#### Data for this task
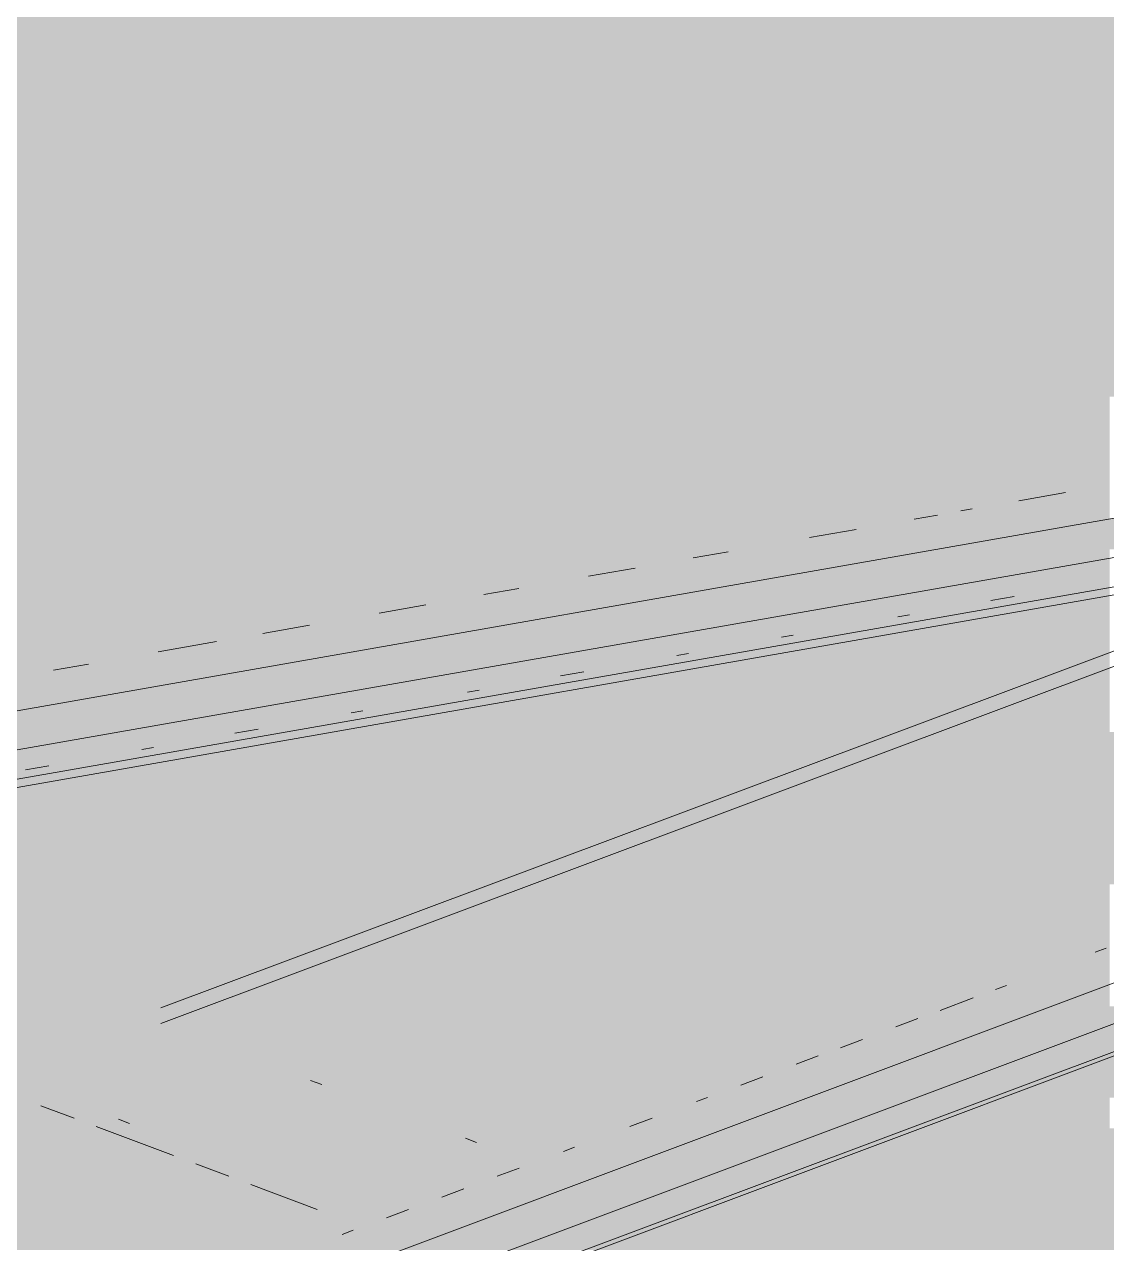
# Paper-space layout '03 3D Building and Roof' of a CAD drawing. Header units: millimetres. Extents: x 5 to 415, y 5 to 292.
# Drawn here: x 53.06 to 59.15, y 81.01 to 87.87 of the extents above; entities that cross this region are included whole.
import ezdxf

# ---------------------------------------------------------------- set-up
doc = ezdxf.new("R2010")
doc.units = ezdxf.units.MM
doc.layers.add('EXISTING', color=7, linetype='Continuous')
doc.layers.add('IMAGES', color=7, linetype='Continuous')

# ---------------------------------------------------------------- blocks, each defined once
blk = doc.blocks.new('SHEET_03')
at = {"layer": 'EXISTING', "color": 250, "lineweight": 9}
for p, q in [((46.6851, 77.7896), (71.6069, 87.1254)), ((37.3985, 81.2646), (70.3106, 87.0398)), ((71.4677, 86.8449), (46.7329, 77.5791)), ((46.6851, 77.4043), (71.4822, 86.6934)), ((69.1615, 86.6176), (37.2963, 81.0261)), ((46.5602, 77.332), (71.3573, 86.6212)), ((37.3985, 80.8793), (68.2823, 86.2986)), ((37.389, 80.8317), (68.011, 86.205)), ((58.6543, 85.1866), (58.916, 85.2325)), ((58.3271, 85.1292), (58.3925, 85.1407)), ((53.8265, 82.2461), (61.343, 85.0618)), ((58.0654, 85.0833), (58.1962, 85.1063)), ((57.4765, 84.98), (57.7382, 85.0259)), ((53.8265, 82.3335), (60.846, 84.9631)), ((56.8222, 84.8651), (57.0185, 84.8996)), ((56.2333, 84.7618), (56.495, 84.8077)), ((55.6444, 84.6585), (55.8407, 84.6929)), ((58.4962, 84.6258), (58.627, 84.6488)), ((55.0555, 84.5551), (55.3172, 84.6011)), ((57.9727, 84.5339), (58.0381, 84.5454)), ((54.4012, 84.4403), (54.6629, 84.4863)), ((57.3184, 84.4191), (57.3838, 84.4306)), ((53.8123, 84.337), (54.1395, 84.3944)), ((56.7295, 84.3158), (56.7949, 84.3273)), ((53.2234, 84.2337), (53.4197, 84.2681)), ((56.0752, 84.201), (56.206, 84.2239)), ((55.5517, 84.1091), (55.6172, 84.1206)), ((54.8974, 83.9943), (54.9628, 84.0058)), ((54.2431, 83.8795), (54.374, 83.9025)), ((53.7196, 83.7877), (53.7851, 83.7991)), ((53.0653, 83.6728), (53.1962, 83.6958)), ((59.0833, 82.6467), (59.1456, 82.6701)), ((58.5226, 82.4367), (58.5849, 82.46)), ((58.2111, 82.32), (58.398, 82.39)), ((57.9618, 82.2266), (58.0864, 82.2733)), ((57.6503, 82.1099), (57.7749, 82.1566)), ((57.4011, 82.0166), (57.5257, 82.0633)), ((54.732, 81.903), (54.6698, 81.9263)), ((57.0896, 81.8999), (57.2142, 81.9466)), ((56.8404, 81.8065), (56.9027, 81.8299)), ((53.3392, 81.7131), (53.1526, 81.783)), ((53.5879, 81.7074), (53.6501, 81.6841)), ((56.4665, 81.6665), (56.5911, 81.7132)), ((53.8988, 81.5035), (53.4635, 81.6665)), ((55.6025, 81.5769), (55.5403, 81.6002)), ((56.0927, 81.5264), (56.155, 81.5498)), ((54.2097, 81.387), (54.0231, 81.4569)), ((55.7189, 81.3864), (55.8435, 81.4331)), ((54.7071, 81.2007), (54.334, 81.3404)), ((55.4074, 81.2697), (55.532, 81.3164)), ((55.0958, 81.153), (55.2204, 81.1997)), ((54.8466, 81.0597), (54.9089, 81.083))]:
    blk.add_line(p, q, dxfattribs=at)
at = {"layer": 'IMAGES', "color": 7}
for points in [[(33.9757, 87.8286), (62.422, 87.8286), (33.9757, 88), (62.422, 88)], [(33.4616, 87.6571), (62.422, 87.6571), (33.4616, 87.8286), (62.422, 87.8286)], [(32.7762, 87.4857), (62.422, 87.4857), (32.7762, 87.6571), (62.422, 87.6571)], [(32.4334, 87.3143), (62.422, 87.3143), (32.4334, 87.4857), (62.422, 87.4857)], [(31.9193, 87.1429), (62.422, 87.1429), (31.9193, 87.3143), (62.422, 87.3143)], [(31.4053, 86.9714), (62.422, 86.9714), (31.4053, 87.1429), (62.422, 87.1429)], [(31.2339, 86.8), (62.422, 86.8), (31.2339, 86.9714), (62.422, 86.9714)], [(30.5484, 86.6286), (62.422, 86.6286), (30.5484, 86.8), (62.422, 86.8)], [(30.2057, 86.4571), (61.9079, 86.4571), (30.2057, 86.6286), (61.9079, 86.6286)], [(29.6916, 86.2857), (61.5652, 86.2857), (29.6916, 86.4571), (61.5652, 86.4571)], [(29.1775, 86.1143), (61.0511, 86.1143), (29.1775, 86.2857), (61.0511, 86.2857)], [(28.8348, 85.9429), (60.7084, 85.9429), (28.8348, 86.1143), (60.7084, 86.1143)], [(28.3207, 85.7714), (60.3656, 85.7714), (28.3207, 85.9429), (60.3656, 85.9429)], [(27.8066, 85.6), (59.1661, 85.6), (27.8066, 85.7714), (59.1661, 85.7714)], [(27.4639, 85.4286), (58.8234, 85.4286), (27.4639, 85.6), (58.8234, 85.6)], [(58.8234, 85.4286), (59.1661, 85.4286), (58.8234, 85.6), (59.1661, 85.6)], [(26.9498, 85.2571), (57.4525, 85.2571), (26.9498, 85.4286), (57.4525, 85.4286)], [(57.4525, 85.2571), (57.6238, 85.2571), (57.4525, 85.4286), (57.6238, 85.4286)], [(57.6238, 85.2571), (58.1379, 85.2571), (57.6238, 85.4286), (58.1379, 85.4286)], [(58.1379, 85.2571), (58.4806, 85.2571), (58.1379, 85.4286), (58.4806, 85.4286)], [(58.4806, 85.2571), (58.652, 85.2571), (58.4806, 85.4286), (58.652, 85.4286)], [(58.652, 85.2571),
########
» **What to do**
Transcribe the listing verbatim, pictures excluded.

» **Written response**
# Paper-space layout '03 3D Building and Roof' of a CAD drawing. Header units: millimetres. Extents: x 5 to 415, y 5 to 292.
# Drawn here: x 53.06 to 59.15, y 81.01 to 87.87 of the extents above; entities that cross this region are included whole.
import ezdxf

# ---------------------------------------------------------------- set-up
doc = ezdxf.new("R2010")
doc.units = ezdxf.units.MM
doc.layers.add('EXISTING', color=7, linetype='Continuous')
doc.layers.add('IMAGES', color=7, linetype='Continuous')

# ---------------------------------------------------------------- blocks, each defined once
blk = doc.blocks.new('SHEET_03')
at = {"layer": 'EXISTING', "color": 250, "lineweight": 9}
for p, q in [((46.6851, 77.7896), (71.6069, 87.1254)), ((37.3985, 81.2646), (70.3106, 87.0398)), ((71.4677, 86.8449), (46.7329, 77.5791)), ((46.6851, 77.4043), (71.4822, 86.6934)), ((69.1615, 86.6176), (37.2963, 81.0261)), ((46.5602, 77.332), (71.3573, 86.6212)), ((37.3985, 80.8793), (68.2823, 86.2986)), ((37.389, 80.8317), (68.011, 86.205)), ((58.6543, 85.1866), (58.916, 85.2325)), ((58.3271, 85.1292), (58.3925, 85.1407)), ((53.8265, 82.2461), (61.343, 85.0618)), ((58.0654, 85.0833), (58.1962, 85.1063)), ((57.4765, 84.98), (57.7382, 85.0259)), ((53.8265, 82.3335), (60.846, 84.9631)), ((56.8222, 84.8651), (57.0185, 84.8996)), ((56.2333, 84.7618), (56.495, 84.8077)), ((55.6444, 84.6585), (55.8407, 84.6929)), ((58.4962, 84.6258), (58.627, 84.6488)), ((55.0555, 84.5551), (55.3172, 84.6011)), ((57.9727, 84.5339), (58.0381, 84.5454)), ((54.4012, 84.4403), (54.6629, 84.4863)), ((57.3184, 84.4191), (57.3838, 84.4306)), ((53.8123, 84.337), (54.1395, 84.3944)), ((56.7295, 84.3158), (56.7949, 84.3273)), ((53.2234, 84.2337), (53.4197, 84.2681)), ((56.0752, 84.201), (56.206, 84.2239)), ((55.5517, 84.1091), (55.6172, 84.1206)), ((54.8974, 83.9943), (54.9628, 84.0058)), ((54.2431, 83.8795), (54.374, 83.9025)), ((53.7196, 83.7877), (53.7851, 83.7991)), ((53.0653, 83.6728), (53.1962, 83.6958)), ((59.0833, 82.6467), (59.1456, 82.6701)), ((58.5226, 82.4367), (58.5849, 82.46)), ((58.2111, 82.32), (58.398, 82.39)), ((57.9618, 82.2266), (58.0864, 82.2733)), ((57.6503, 82.1099), (57.7749, 82.1566)), ((57.4011, 82.0166), (57.5257, 82.0633)), ((54.732, 81.903), (54.6698, 81.9263)), ((57.0896, 81.8999), (57.2142, 81.9466)), ((56.8404, 81.8065), (56.9027, 81.8299)), ((53.3392, 81.7131), (53.1526, 81.783)), ((53.5879, 81.7074), (53.6501, 81.6841)), ((56.4665, 81.6665), (56.5911, 81.7132)), ((53.8988, 81.5035), (53.4635, 81.6665)), ((55.6025, 81.5769), (55.5403, 81.6002)), ((56.0927, 81.5264), (56.155, 81.5498)), ((54.2097, 81.387), (54.0231, 81.4569)), ((55.7189, 81.3864), (55.8435, 81.4331)), ((54.7071, 81.2007), (54.334, 81.3404)), ((55.4074, 81.2697), (55.532, 81.3164)), ((55.0958, 81.153), (55.2204, 81.1997)), ((54.8466, 81.0597), (54.9089, 81.083))]:
    blk.add_line(p, q, dxfattribs=at)
at = {"layer": 'IMAGES', "color": 7}
for points in [[(33.9757, 87.8286), (62.422, 87.8286), (33.9757, 88), (62.422, 88)], [(33.4616, 87.6571), (62.422, 87.6571), (33.4616, 87.8286), (62.422, 87.8286)], [(32.7762, 87.4857), (62.422, 87.4857), (32.7762, 87.6571), (62.422, 87.6571)], [(32.4334, 87.3143), (62.422, 87.3143), (32.4334, 87.4857), (62.422, 87.4857)], [(31.9193, 87.1429), (62.422, 87.1429), (31.9193, 87.3143), (62.422, 87.3143)], [(31.4053, 86.9714), (62.422, 86.9714), (31.4053, 87.1429), (62.422, 87.1429)], [(31.2339, 86.8), (62.422, 86.8), (31.2339, 86.9714), (62.422, 86.9714)], [(30.5484, 86.6286), (62.422, 86.6286), (30.5484, 86.8), (62.422, 86.8)], [(30.2057, 86.4571), (61.9079, 86.4571), (30.2057, 86.6286), (61.9079, 86.6286)], [(29.6916, 86.2857), (61.5652, 86.2857), (29.6916, 86.4571), (61.5652, 86.4571)], [(29.1775, 86.1143), (61.0511, 86.1143), (29.1775, 86.2857), (61.0511, 86.2857)], [(28.8348, 85.9429), (60.7084, 85.9429), (28.8348, 86.1143), (60.7084, 86.1143)], [(28.3207, 85.7714), (60.3656, 85.7714), (28.3207, 85.9429), (60.3656, 85.9429)], [(27.8066, 85.6), (59.1661, 85.6), (27.8066, 85.7714), (59.1661, 85.7714)], [(27.4639, 85.4286), (58.8234, 85.4286), (27.4639, 85.6), (58.8234, 85.6)], [(58.8234, 85.4286), (59.1661, 85.4286), (58.8234, 85.6), (59.1661, 85.6)], [(26.9498, 85.2571), (57.4525, 85.2571), (26.9498, 85.4286), (57.4525, 85.4286)], [(57.4525, 85.2571), (57.6238, 85.2571), (57.4525, 85.4286), (57.6238, 85.4286)], [(57.6238, 85.2571), (58.1379, 85.2571), (57.6238, 85.4286), (58.1379, 85.4286)], [(58.1379, 85.2571), (58.4806, 85.2571), (58.1379, 85.4286), (58.4806, 85.4286)], [(58.4806, 85.2571), (58.652, 85.2571), (58.4806, 85.4286), (58.652, 85.4286)], [(58.652, 85.2571),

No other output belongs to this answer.